Distal clavicle osteolysis characteristically shows osteopenia, cystic changes of the distal clavicle, and widening of the joint space with narrowing of the distal clavicle.
The supraspinatus outlet view may show inferior clavicular osteophytes, which may contribute to outlet impingement syndrome.
The axillary lateral view of the shoulder may show anterior or posterior displacement of the clavicle, indicative of trauma to the AC joint.
Three-phase technetium bone scan is highly sensitive and specific for AC joint pathology.
Bone scan is especially useful in diagnosing AC pathology that is not evident with conventional radiography.
Magnetic resonance imaging (MRI) is sensitive in identifying AC pathology but has poor specificity as AC abnormalities are frequently observed in clinically asymptomatic patients. Reactive edema in the AC joint is more predictive of clinical symptoms than are MRI findings of degenerative changes in the AC joint (FIG 1B).14
DIFFERENTIAL DIAGNOSIS
Intrinsic AC pathology
Primary osteoarthritis
Posttraumatic arthritis
Inflammatory arthritis
Crystal-induced arthritis
Septic arthritis
Distal clavicle osteolysis
Intrinsic shoulder pathology
Impingement syndrome
Rotator cuff tears
Biceps lesions
Glenohumeral arthritis
Early adhesive capsulitis
Musculoskeletal tumors of the distal clavicle and proximal acromion
Extrinsic conditions
Cervical spine disorder
Referred visceral problems (cardiac, pulmonary, or gastrointestinal disorders)
NONOPERATIVE MANAGEMENT
The initial management of painful AC pathology should be conservative and should include a combination of activity modification, ice or heat therapy, nonsteroidal antiinflammatory medications, corticosteroid injection, and physical therapy.

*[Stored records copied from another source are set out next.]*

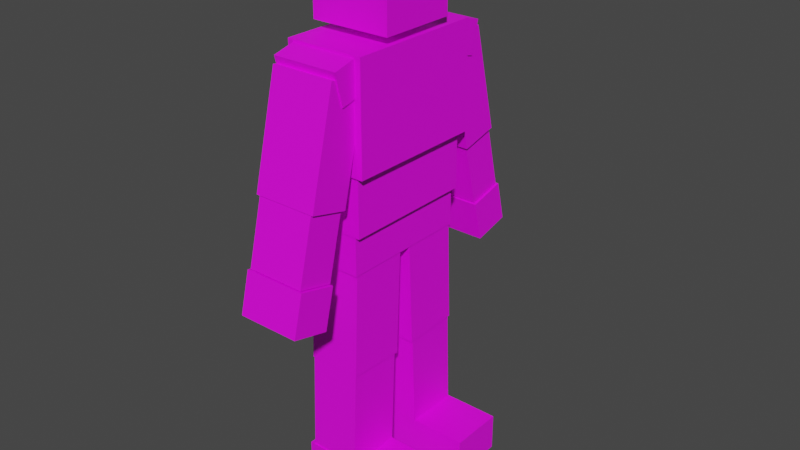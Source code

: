 # Source: new_moddle_test.blend  (saved by Blender 3.6.13; exported with 4.5.12 LTS)
import bpy
from mathutils import Matrix  # noqa: F401  (used for matrix-valued properties, if any)

bpy.ops.wm.read_factory_settings(use_empty=True)
scene = bpy.context.scene
scene.name = 'Scene'

# ---- collections
col_collection = bpy.data.collections.new('Collection'); scene.collection.children.link(col_collection)

# ---- images (referenced by path relative to the original .blend; pixels are not part of the script)
import os
ASSET_DIR = os.environ.get("B2B_ASSET_DIR", "")  # directory of the original .blend (textures are referenced by path, not embedded)
HERE = os.path.dirname(os.path.abspath(__file__))  # packed textures are extracted next to this script under _unpacked/

def load_image(name, relpath, width, height, colorspace="sRGB"):
    """Load a texture the original file referenced (path relative to the .blend, or extracted next to this script)."""
    p = next((c for c in (os.path.join(HERE, relpath), os.path.join(ASSET_DIR, relpath)) if relpath and os.path.exists(c)), "")
    if p:
        img = bpy.data.images.load(p, check_existing=True)
        img.name = name
    else:  # same state as the original file: an image datablock whose file is absent (Cycles renders it pink)
        img = bpy.data.images.new(name, width, height)
        img.source = "FILE"
        img.filepath = "//" + (relpath or name)
    img.colorspace_settings.name = colorspace
    return img
img_casino_worker_pelvis_texure = load_image('casino_worker_pelvis_texure', 'casino_worker_pants_texure.png', 1024, 1024, 'sRGB')
img_casino_owner_shirt_texure = load_image('casino_owner_shirt_texure', 'casino_owner_shirt_texure.png', 1024, 1024, 'sRGB')
img_casino_owner_shirt_texure2 = load_image('Casino_owner_shirt_texure2', 'Casino_owner_shirt_texure2.png', 1024, 1024, 'sRGB')
img_casino_shoe_texure = load_image('Casino_shoe_texure', 'Casino_shoe_texure.png', 1024, 1024, 'sRGB')
img_casino_owner_arms_texure = load_image('Casino_owner_arms_texure', 'Casino_owner_arms_texure.png', 1024, 1024, 'sRGB')
img_casino_arm_texure = load_image('casino_arm_texure', 'casino_arm_texure.png', 1024, 1024, 'sRGB')
img_casino_owner_face_texure = load_image('casino_owner_face_texure', 'casino_owner_face_texure.png', 1024, 1024, 'sRGB')

# ---- materials (node trees are filled in below, after node groups)
mat_material = bpy.data.materials.new('Material')
mat_material.alpha_threshold = 0.0
mat_material.use_transparent_shadow = False
mat_material.roughness = 0.5
mat_material.line_color = (0.0, 0.0, 0.0, 1.0)
mat_material_001 = bpy.data.materials.new('Material.001')
mat_material_001.alpha_threshold = 0.0
mat_material_001.use_transparent_shadow = False
mat_material_001.roughness = 0.5
mat_material_001.line_color = (0.0, 0.0, 0.0, 1.0)
mat_material_002 = bpy.data.materials.new('Material.002')
mat_material_002.alpha_threshold = 0.0
mat_material_002.use_transparent_shadow = False
mat_material_002.roughness = 0.5
mat_material_002.line_color = (0.0, 0.0, 0.0, 1.0)
mat_material_003 = bpy.data.materials.new('Material.003')
mat_material_003.alpha_threshold = 0.0
mat_material_003.use_transparent_shadow = False
mat_material_003.roughness = 0.5
mat_material_003.line_color = (0.0, 0.0, 0.0, 1.0)
mat_material_004 = bpy.data.materials.new('Material.004')
mat_material_004.alpha_threshold = 0.0
mat_material_004.use_transparent_shadow = False
mat_material_004.roughness = 0.5
mat_material_004.line_color = (0.0, 0.0, 0.0, 1.0)
mat_material_005 = bpy.data.materials.new('Material.005')
mat_material_005.alpha_threshold = 0.0
mat_material_005.use_transparent_shadow = False
mat_material_005.roughness = 0.5
mat_material_005.line_color = (0.0, 0.0, 0.0, 1.0)
mat_material_006 = bpy.data.materials.new('Material.006')
mat_material_006.alpha_threshold = 0.0
mat_material_006.use_transparent_shadow = False
mat_material_006.roughness = 0.5
mat_material_006.line_color = (0.0, 0.0, 0.0, 1.0)
mat_material_007 = bpy.data.materials.new('Material.007')
mat_material_007.alpha_threshold = 0.0
mat_material_007.use_transparent_shadow = False
mat_material_007.roughness = 0.5
mat_material_007.line_color = (0.0, 0.0, 0.0, 1.0)
mat_material_008 = bpy.data.materials.new('Material.008')
mat_material_008.alpha_threshold = 0.0
mat_material_008.use_transparent_shadow = False
mat_material_008.roughness = 0.5
mat_material_008.line_color = (0.0, 0.0, 0.0, 1.0)
mat_material_009 = bpy.data.materials.new('Material.009')
mat_material_009.alpha_threshold = 0.0
mat_material_009.use_transparent_shadow = False
mat_material_009.roughness = 0.5
mat_material_009.line_color = (0.0, 0.0, 0.0, 1.0)
mat_material_010 = bpy.data.materials.new('Material.010')
mat_material_010.alpha_threshold = 0.0
mat_material_010.use_transparent_shadow = False
mat_material_010.roughness = 0.5
mat_material_010.line_color = (0.0, 0.0, 0.0, 1.0)
mat_material_011 = bpy.data.materials.new('Material.011')
mat_material_011.alpha_threshold = 0.0
mat_material_011.use_transparent_shadow = False
mat_material_011.roughness = 0.5
mat_material_011.line_color = (0.0, 0.0, 0.0, 1.0)
mat_material_012 = bpy.data.materials.new('Material.012')
mat_material_012.alpha_threshold = 0.0
mat_material_012.use_transparent_shadow = False
mat_material_012.roughness = 0.5
mat_material_012.line_color = (0.0, 0.0, 0.0, 1.0)
mat_material_013 = bpy.data.materials.new('Material.013')
mat_material_013.alpha_threshold = 0.0
mat_material_013.use_transparent_shadow = False
mat_material_013.roughness = 0.5
mat_material_013.line_color = (0.0, 0.0, 0.0, 1.0)
mat_material_014 = bpy.data.materials.new('Material.014')
mat_material_014.alpha_threshold = 0.0
mat_material_014.use_transparent_shadow = False
mat_material_014.roughness = 0.5
mat_material_014.line_color = (0.0, 0.0, 0.0, 1.0)
mat_material_015 = bpy.data.materials.new('Material.015')
mat_material_015.alpha_threshold = 0.0
mat_material_015.use_transparent_shadow = False
mat_material_015.roughness = 0.5
mat_material_015.line_color = (0.0, 0.0, 0.0, 1.0)
mat_material_016 = bpy.data.materials.new('Material.016')
mat_material_016.alpha_threshold = 0.0
mat_material_016.use_transparent_shadow = False
mat_material_016.roughness = 0.5
mat_material_016.line_color = (0.0, 0.0, 0.0, 1.0)
mat_material_017 = bpy.data.materials.new('Material.017')
mat_material_017.alpha_threshold = 0.0
mat_material_017.use_transparent_shadow = False
mat_material_017.roughness = 0.5
mat_material_017.line_color = (0.0, 0.0, 0.0, 1.0)
mat_material_018 = bpy.data.materials.new('Material.018')
mat_material_018.alpha_threshold = 0.0
mat_material_018.use_transparent_shadow = False
mat_material_018.roughness = 0.5
mat_material_018.line_color = (0.0, 0.0, 0.0, 1.0)

# ---- material node trees
mat_material.use_nodes = True; mat_material.node_tree.nodes.clear()
_N = mat_material.node_tree.nodes; _L = mat_material.node_tree.links
n0 = _N.new('ShaderNodeOutputMaterial'); n0.name = 'Material Output'; n0.location = (300, 300)
n1 = _N.new('ShaderNodeBsdfPrincipled'); n1.name = 'Principled BSDF'; n1.location = (10, 300)
n1.distribution = 'GGX'
n1.subsurface_method = 'RANDOM_WALK_SKIN'
n1.inputs[3].default_value = 1.45
n1.inputs[27].default_value = (0.0, 0.0, 0.0, 1.0)
n1.inputs[28].default_value = 1.0
n2 = _N.new('ShaderNodeTexImage'); n2.name = 'Image Texture'; n2.location = (-280, 280)
n2.image = img_casino_worker_pelvis_texure
_L.new(n1.outputs[0], n0.inputs[0])
_L.new(n2.outputs[0], n1.inputs[0])
n0.is_active_output = True
mat_material_001.use_nodes = True; mat_material_001.node_tree.nodes.clear()
_N = mat_material_001.node_tree.nodes; _L = mat_material_001.node_tree.links
n0 = _N.new('ShaderNodeOutputMaterial'); n0.name = 'Material Output'; n0.location = (300, 300)
n1 = _N.new('ShaderNodeBsdfPrincipled'); n1.name = 'Principled BSDF'; n1.location = (10, 300)
n1.distribution = 'GGX'
n1.subsurface_method = 'RANDOM_WALK_SKIN'
n1.inputs[3].default_value = 1.45
n1.inputs[27].default_value = (0.0, 0.0, 0.0, 1.0)
n1.inputs[28].default_value = 1.0
n2 = _N.new('ShaderNodeTexImage'); n2.name = 'Image Texture'; n2.location = (-280, 280)
n2.image = img_casino_owner_shirt_texure
_L.new(n1.outputs[0], n0.inputs[0])
_L.new(n2.outputs[0], n1.inputs[0])
n0.is_active_output = True
mat_material_002.use_nodes = True; mat_material_002.node_tree.nodes.clear()
_N = mat_material_002.node_tree.nodes; _L = mat_material_002.node_tree.links
n0 = _N.new('ShaderNodeOutputMaterial'); n0.name = 'Material Output'; n0.location = (300, 300)
n1 = _N.new('ShaderNodeBsdfPrincipled'); n1.name = 'Principled BSDF'; n1.location = (10, 300)
n1.distribution = 'GGX'
n1.subsurface_method = 'RANDOM_WALK_SKIN'
n1.inputs[3].default_value = 1.45
n1.inputs[27].default_value = (0.0, 0.0, 0.0, 1.0)
n1.inputs[28].default_value = 1.0
n2 = _N.new('ShaderNodeTexImage'); n2.name = 'Image Texture'; n2.location = (-280, 280)
n2.image = img_casino_owner_shirt_texure2
_L.new(n1.outputs[0], n0.inputs[0])
_L.new(n2.outputs[0], n1.inputs[0])
n0.is_active_output = True
mat_material_003.use_nodes = True; mat_material_003.node_tree.nodes.clear()
_N = mat_material_003.node_tree.nodes; _L = mat_material_003.node_tree.links
n0 = _N.new('ShaderNodeOutputMaterial'); n0.name = 'Material Output'; n0.location = (300, 300)
n1 = _N.new('ShaderNodeBsdfPrincipled'); n1.name = 'Principled BSDF'; n1.location = (10, 300)
n1.distribution = 'GGX'
n1.subsurface_method = 'RANDOM_WALK_SKIN'
n1.inputs[3].default_value = 1.45
n1.inputs[27].default_value = (0.0, 0.0, 0.0, 1.0)
n1.inputs[28].default_value = 1.0
n2 = _N.new('ShaderNodeTexImage'); n2.name = 'Image Texture'; n2.location = (-280, 280)
n2.image = img_casino_worker_pelvis_texure
_L.new(n1.outputs[0], n0.inputs[0])
_L.new(n2.outputs[0], n1.inputs[0])
n0.is_active_output = True
mat_material_004.use_nodes = True; mat_material_004.node_tree.nodes.clear()
_N = mat_material_004.node_tree.nodes; _L = mat_material_004.node_tree.links
n0 = _N.new('ShaderNodeOutputMaterial'); n0.name = 'Material Output'; n0.location = (300, 300)
n1 = _N.new('ShaderNodeBsdfPrincipled'); n1.name = 'Principled BSDF'; n1.location = (10, 300)
n1.distribution = 'GGX'
n1.subsurface_method = 'RANDOM_WALK_SKIN'
n1.inputs[3].default_value = 1.45
n1.inputs[27].default_value = (0.0, 0.0, 0.0, 1.0)
n1.inputs[28].default_value = 1.0
n2 = _N.new('ShaderNodeTexImage'); n2.name = 'Image Texture'; n2.location = (-280, 280)
n2.image = img_casino_worker_pelvis_texure
_L.new(n1.outputs[0], n0.inputs[0])
_L.new(n2.outputs[0], n1.inputs[0])
n0.is_active_output = True
mat_material_005.use_nodes = True; mat_material_005.node_tree.nodes.clear()
_N = mat_material_005.node_tree.nodes; _L = mat_material_005.node_tree.links
n0 = _N.new('ShaderNodeOutputMaterial'); n0.name = 'Material Output'; n0.location = (300, 300)
n1 = _N.new('ShaderNodeBsdfPrincipled'); n1.name = 'Principled BSDF'; n1.location = (10, 300)
n1.distribution = 'GGX'
n1.subsurface_method = 'RANDOM_WALK_SKIN'
n1.inputs[3].default_value = 1.45
n1.inputs[27].default_value = (0.0, 0.0, 0.0, 1.0)
n1.inputs[28].default_value = 1.0
n2 = _N.new('ShaderNodeTexImage'); n2.name = 'Image Texture'; n2.location = (-280, 280)
n2.image = img_casino_shoe_texure
_L.new(n1.outputs[0], n0.inputs[0])
_L.new(n2.outputs[0], n1.inputs[0])
n0.is_active_output = True
mat_material_006.use_nodes = True; mat_material_006.node_tree.nodes.clear()
_N = mat_material_006.node_tree.nodes; _L = mat_material_006.node_tree.links
n0 = _N.new('ShaderNodeOutputMaterial'); n0.name = 'Material Output'; n0.location = (300, 300)
n1 = _N.new('ShaderNodeBsdfPrincipled'); n1.name = 'Principled BSDF'; n1.location = (10, 300)
n1.distribution = 'GGX'
n1.subsurface_method = 'RANDOM_WALK_SKIN'
n1.inputs[3].default_value = 1.45
n1.inputs[27].default_value = (0.0, 0.0, 0.0, 1.0)
n1.inputs[28].default_value = 1.0
n2 = _N.new('ShaderNodeTexImage'); n2.name = 'Image Texture'; n2.location = (-280, 280)
n2.image = img_casino_worker_pelvis_texure
_L.new(n1.outputs[0], n0.inputs[0])
_L.new(n2.outputs[0], n1.inputs[0])
n0.is_active_output = True
mat_material_007.use_nodes = True; mat_material_007.node_tree.nodes.clear()
_N = mat_material_007.node_tree.nodes; _L = mat_material_007.node_tree.links
n0 = _N.new('ShaderNodeOutputMaterial'); n0.name = 'Material Output'; n0.location = (300, 300)
n1 = _N.new('ShaderNodeBsdfPrincipled'); n1.name = 'Principled BSDF'; n1.location = (10, 300)
n1.distribution = 'GGX'
n1.subsurface_method = 'RANDOM_WALK_SKIN'
n1.inputs[3].default_value = 1.45
n1.inputs[27].default_value = (0.0, 0.0, 0.0, 1.0)
n1.inputs[28].default_value = 1.0
n2 = _N.new('ShaderNodeTexImage'); n2.name = 'Image Texture'; n2.location = (-280, 280)
n2.image = img_casino_worker_pelvis_texure
_L.new(n1.outputs[0], n0.inputs[0])
_L.new(n2.outputs[0], n1.inputs[0])
n0.is_active_output = True
mat_material_008.use_nodes = True; mat_material_008.node_tree.nodes.clear()
_N = mat_material_008.node_tree.nodes; _L = mat_material_008.node_tree.links
n0 = _N.new('ShaderNodeOutputMaterial'); n0.name = 'Material Output'; n0.location = (300, 300)
n1 = _N.new('ShaderNodeBsdfPrincipled'); n1.name = 'Principled BSDF'; n1.location = (10, 300)
n1.distribution = 'GGX'
n1.subsurface_method = 'RANDOM_WALK_SKIN'
n1.inputs[3].default_value = 1.45
n1.inputs[27].default_value = (0.0, 0.0, 0.0, 1.0)
n1.inputs[28].default_value = 1.0
n2 = _N.new('ShaderNodeTexImage'); n2.name = 'Image Texture'; n2.location = (-280, 280)
n2.image = img_casino_shoe_texure
_L.new(n1.outputs[0], n0.inputs[0])
_L.new(n2.outputs[0], n1.inputs[0])
n0.is_active_output = True
mat_material_009.use_nodes = True; mat_material_009.node_tree.nodes.clear()
_N = mat_material_009.node_tree.nodes; _L = mat_material_009.node_tree.links
n0 = _N.new('ShaderNodeOutputMaterial'); n0.name = 'Material Output'; n0.location = (300, 300)
n1 = _N.new('ShaderNodeBsdfPrincipled'); n1.name = 'Principled BSDF'; n1.location = (10, 300)
n1.distribution = 'GGX'
n1.subsurface_method = 'RANDOM_WALK_SKIN'
n1.inputs[3].default_value = 1.45
n1.inputs[27].default_value = (0.0, 0.0, 0.0, 1.0)
n1.inputs[28].default_value = 1.0
n2 = _N.new('ShaderNodeTexImage'); n2.name = 'Image Texture'; n2.location = (-280, 280)
n2.image = img_casino_owner_arms_texure
_L.new(n1.outputs[0], n0.inputs[0])
_L.new(n2.outputs[0], n1.inputs[0])
n0.is_active_output = True
mat_material_010.use_nodes = True; mat_material_010.node_tree.nodes.clear()
_N = mat_material_010.node_tree.nodes; _L = mat_material_010.node_tree.links
n0 = _N.new('ShaderNodeOutputMaterial'); n0.name = 'Material Output'; n0.location = (300, 300)
n1 = _N.new('ShaderNodeBsdfPrincipled'); n1.name = 'Principled BSDF'; n1.location = (10, 300)
n1.distribution = 'GGX'
n1.subsurface_method = 'RANDOM_WALK_SKIN'
n1.inputs[3].default_value = 1.45
n1.inputs[27].default_value = (0.0, 0.0, 0.0, 1.0)
n1.inputs[28].default_value = 1.0
n2 = _N.new('ShaderNodeTexImage'); n2.name = 'Image Texture'; n2.location = (-280, 280)
n2.image = img_casino_owner_arms_texure
_L.new(n1.outputs[0], n0.inputs[0])
_L.new(n2.outputs[0], n1.inputs[0])
n0.is_active_output = True
mat_material_011.use_nodes = True; mat_material_011.node_tree.nodes.clear()
_N = mat_material_011.node_tree.nodes; _L = mat_material_011.node_tree.links
n0 = _N.new('ShaderNodeOutputMaterial'); n0.name = 'Material Output'; n0.location = (300, 300)
n1 = _N.new('ShaderNodeBsdfPrincipled'); n1.name = 'Principled BSDF'; n1.location = (10, 300)
n1.distribution = 'GGX'
n1.subsurface_method = 'RANDOM_WALK_SKIN'
n1.inputs[3].default_value = 1.45
n1.inputs[27].default_value = (0.0, 0.0, 0.0, 1.0)
n1.inputs[28].default_value = 1.0
n2 = _N.new('ShaderNodeTexImage'); n2.name = 'Image Texture'; n2.location = (-280, 280)
n2.image = img_casino_owner_arms_texure
_L.new(n1.outputs[0], n0.inputs[0])
_L.new(n2.outputs[0], n1.inputs[0])
n0.is_active_output = True
mat_material_012.use_nodes = True; mat_material_012.node_tree.nodes.clear()
_N = mat_material_012.node_tree.nodes; _L = mat_material_012.node_tree.links
n0 = _N.new('ShaderNodeOutputMaterial'); n0.name = 'Material Output'; n0.location = (300, 300)
n1 = _N.new('ShaderNodeBsdfPrincipled'); n1.name = 'Principled BSDF'; n1.location = (10, 300)
n1.distribution = 'GGX'
n1.subsurface_method = 'RANDOM_WALK_SKIN'
n1.inputs[3].default_value = 1.45
n1.inputs[27].default_value = (0.0, 0.0, 0.0, 1.0)
n1.inputs[28].default_value = 1.0
n2 = _N.new('ShaderNodeTexImage'); n2.name = 'Image Texture'; n2.location = (-280, 280)
n2.image = img_casino_owner_arms_texure
_L.new(n1.outputs[0], n0.inputs[0])
_L.new(n2.outputs[0], n1.inputs[0])
n0.is_active_output = True
mat_material_013.use_nodes = True; mat_material_013.node_tree.nodes.clear()
_N = mat_material_013.node_tree.nodes; _L = mat_material_013.node_tree.links
n0 = _N.new('ShaderNodeOutputMaterial'); n0.name = 'Material Output'; n0.location = (300, 300)
n1 = _N.new('ShaderNodeBsdfPrincipled'); n1.name = 'Principled BSDF'; n1.location = (10, 300)
n1.distribution = 'GGX'
n1.subsurface_method = 'RANDOM_WALK_SKIN'
n1.inputs[3].default_value = 1.45
n1.inputs[27].default_value = (0.0, 0.0, 0.0, 1.0)
n1.inputs[28].default_value = 1.0
n2 = _N.new('ShaderNodeTexImage'); n2.name = 'Image Texture'; n2.location = (-280, 280)
n2.image = img_casino_arm_texure
_L.new(n1.outputs[0], n0.inputs[0])
_L.new(n2.outputs[0], n1.inputs[0])
n0.is_active_output = True
mat_material_014.use_nodes = True; mat_material_014.node_tree.nodes.clear()
_N = mat_material_014.node_tree.nodes; _L = mat_material_014.node_tree.links
n0 = _N.new('ShaderNodeOutputMaterial'); n0.name = 'Material Output'; n0.location = (300, 300)
n1 = _N.new('ShaderNodeBsdfPrincipled'); n1.name = 'Principled BSDF'; n1.location = (10, 300)
n1.distribution = 'GGX'
n1.subsurface_method = 'RANDOM_WALK_SKIN'
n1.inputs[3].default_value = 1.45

Activity modification should focus on avoiding the inciting painful activities. Some patients may be successfully treated nonoperatively with activity modification.
Intra-articular corticosteroid injection with 1 mL of 1% lidocaine and 1 mL of corticosteroid is effective in relieving AC joint pain, but the duration of relief is variable. Patients may receive multiple injections.
Physical therapy consisting of terminal stretching and rotator cuff strengthening may be effective if a concomitant impingement syndrome exists. Isolated AC pathology typically does not respond to physical therapy.
Patients should undergo 3 to 6 months of conservative management before operative intervention.